The Biblical Illustrator
Proverbs 26:28
A flattering mouth worketh ruin.
How may we best cure the love of being flattered
I. What flattery is. Solomon calls it “a mouth that flatters.” All that comes from the flatterer is complaisant, only heartiness and sincerity are wanting. All that appears is “a fair semblance,” but very falsehood. The actor in this tragedy never forgets himself and his own advantage, stripping the novice he hath coaxed, and living on him whom he deceived. There are two kinds of flattery: a self-flattery, and a flattery from others. As to the qualities of flattery, it may be hellish, revengeful, servile, cowardly, covetous, or envious. Love to be flattered is a disease of human nature. It is an immoderate desire of praise. When this desire prevails, we believe what the flatterer saith; set the value on ourselves by what such affirm of us.
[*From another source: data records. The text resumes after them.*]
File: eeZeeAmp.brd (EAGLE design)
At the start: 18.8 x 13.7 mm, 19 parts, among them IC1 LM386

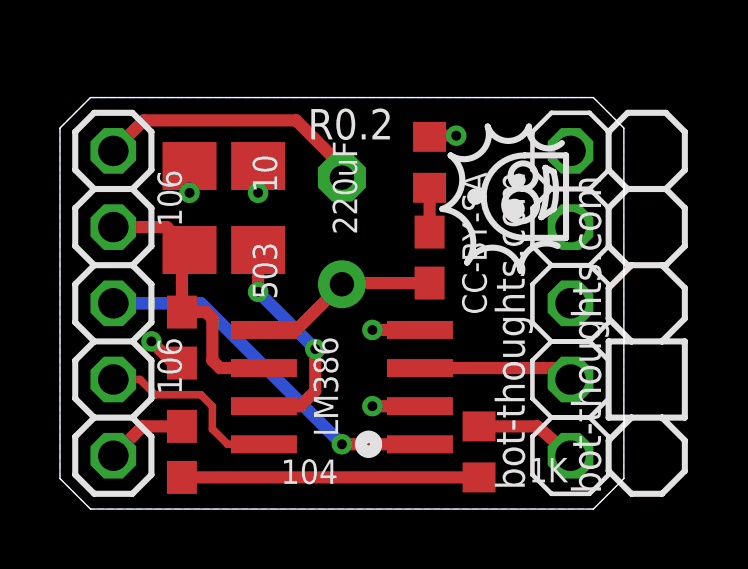
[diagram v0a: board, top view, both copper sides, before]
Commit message: Added title, OSHW logo on both sheets, relabeled gnd, audio in gnd pin header, added gain label, added cc
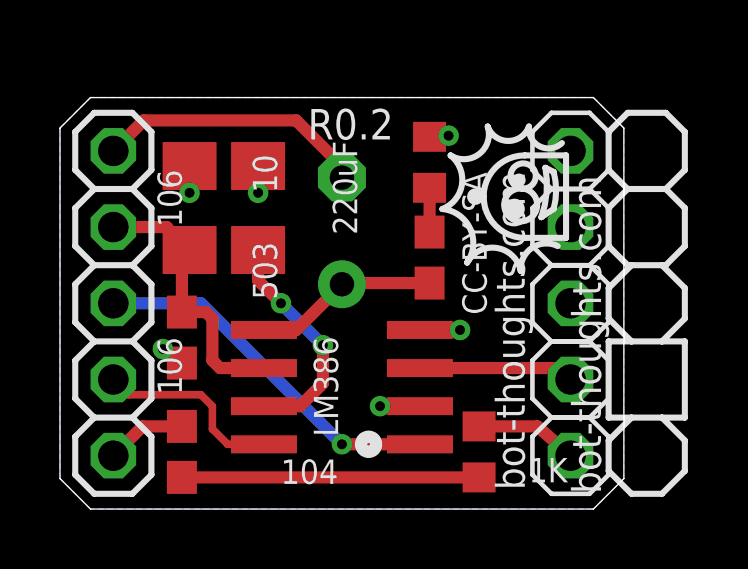
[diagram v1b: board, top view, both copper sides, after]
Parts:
- added LOGO2: OSHW-LOGOS, SparkFun-Aesthetics:OSHW-LOGO-S
- JP10: value GND -> IN-
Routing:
- net GND: track 7.17 -> 5.93 mm

Another branch of love to be flattered is an affected seeking to ourselves, or giving unto others unnecessary occasions of setting forth the worth of our persons, actions, and qualifications, according to the standard of flatterers; a well-pleasedness to hear the great and good things by dissembling flatterers ascribed to us which either we never did, or did in manner much below what they report them. But--
II. Love of undue praise is pernicious. It destroys virtuous principles, natural inclinations to good, estates, reputation, safety and life, the soul and its happiness.
III. What may best effect its cure?
1. Consider the bad name that flattery hath ever had.
2. View the deplorable miseries it hath filled the world with.
3. Suspect all who come to you with undue praise.
4. Reject the friendship of the man who turns due praises into flattery.
5. Look on flattery, and your love for it, as diametrically opposed to God in the truth of all His Word.
6. Cultivate generous and pure love to all that is good.
7. Get and keep the humble frame of heart. Undue love of the praise of men is sacrilegious robbery of God. (Henry Hurst, M. A.)
The flatterer
As to the flatterer, he is the most dangerous of characters. He attacks at points where men are naturally most successfully assailable; where they are most in danger of being thrown off their guard and giving him admission. And when by his flatteries he has thus got the mastery, then follows the execution of the end for which they were employed--“worketh ruin.” The expression is strong, but not stronger than experience justifies. It even works ruin to the most interesting characters--characters admired and worthy of the admiration--by infusing a principle that spoils the whole, the principle of vanity and self-conceit. They thus lose their loveliest and most engaging attraction. And whatever be the selfish object of the flatterer, his selfishness obtains its gratification by the ruin of him whom his flatteries have deceived. (R. Wardlaw, D. D.)
Flattery worketh ruin
The stem of the ivy is furnished with root-like suckers which insinuate their spurs into the bark of trees or on the surface of a wall. Who has not seen with regret some noble ash-tree covered with ivy, in whose embrace it rapidly yields up its life? Surely the root is draining the tree of its sap, and transferring it to its own veins. Thus does a sycophant gradually extend his influence over a patron until the manliness of that patron succumbs to his ascendancy. The hero is ruined, and the flatterer flourishes in his place. Beware of the insinuating aptitudes of the parasite! Let him, like ivy on a wall, keep his proper situation. Protect a noble nature from his advances. (Scientific Illustrations.)
Flattery cannot compensate for the damage it works
Parasitic plants send their roots into the substance of another plant, and derive their food from its juices; but though, like some of the human kind, they live upon their neighbour’s bounty, it must be admitted that they sometimes reward their benefactor by adorning it with their beautiful flowers. The Rafflesia Arnoldi, for example, whose flower is three feet across, and whose cup will contain several pints of fluid, grows attached to the stem of a climbing cistus in Sumatra. The mistletoe also, whose silvery berries adorn the oak. Whether these offerings of the parasite bear any reasonable proportion to the amount of damage done by it must be a question open to doubt. Certain it is that the offerings of the social parasite to his benefactor, consisting as they do of subservience, flattery, and petty traits, are no real benefit to anybody; whilst, on the other hand, the injury which the parasite does to honesty and manliness is most unmistakable. On the whole, we are inclined to think that all the productions of parasites, whether vegetable or human, are not sufficient to make us value the producers very highly. (Scientific Illustrations.).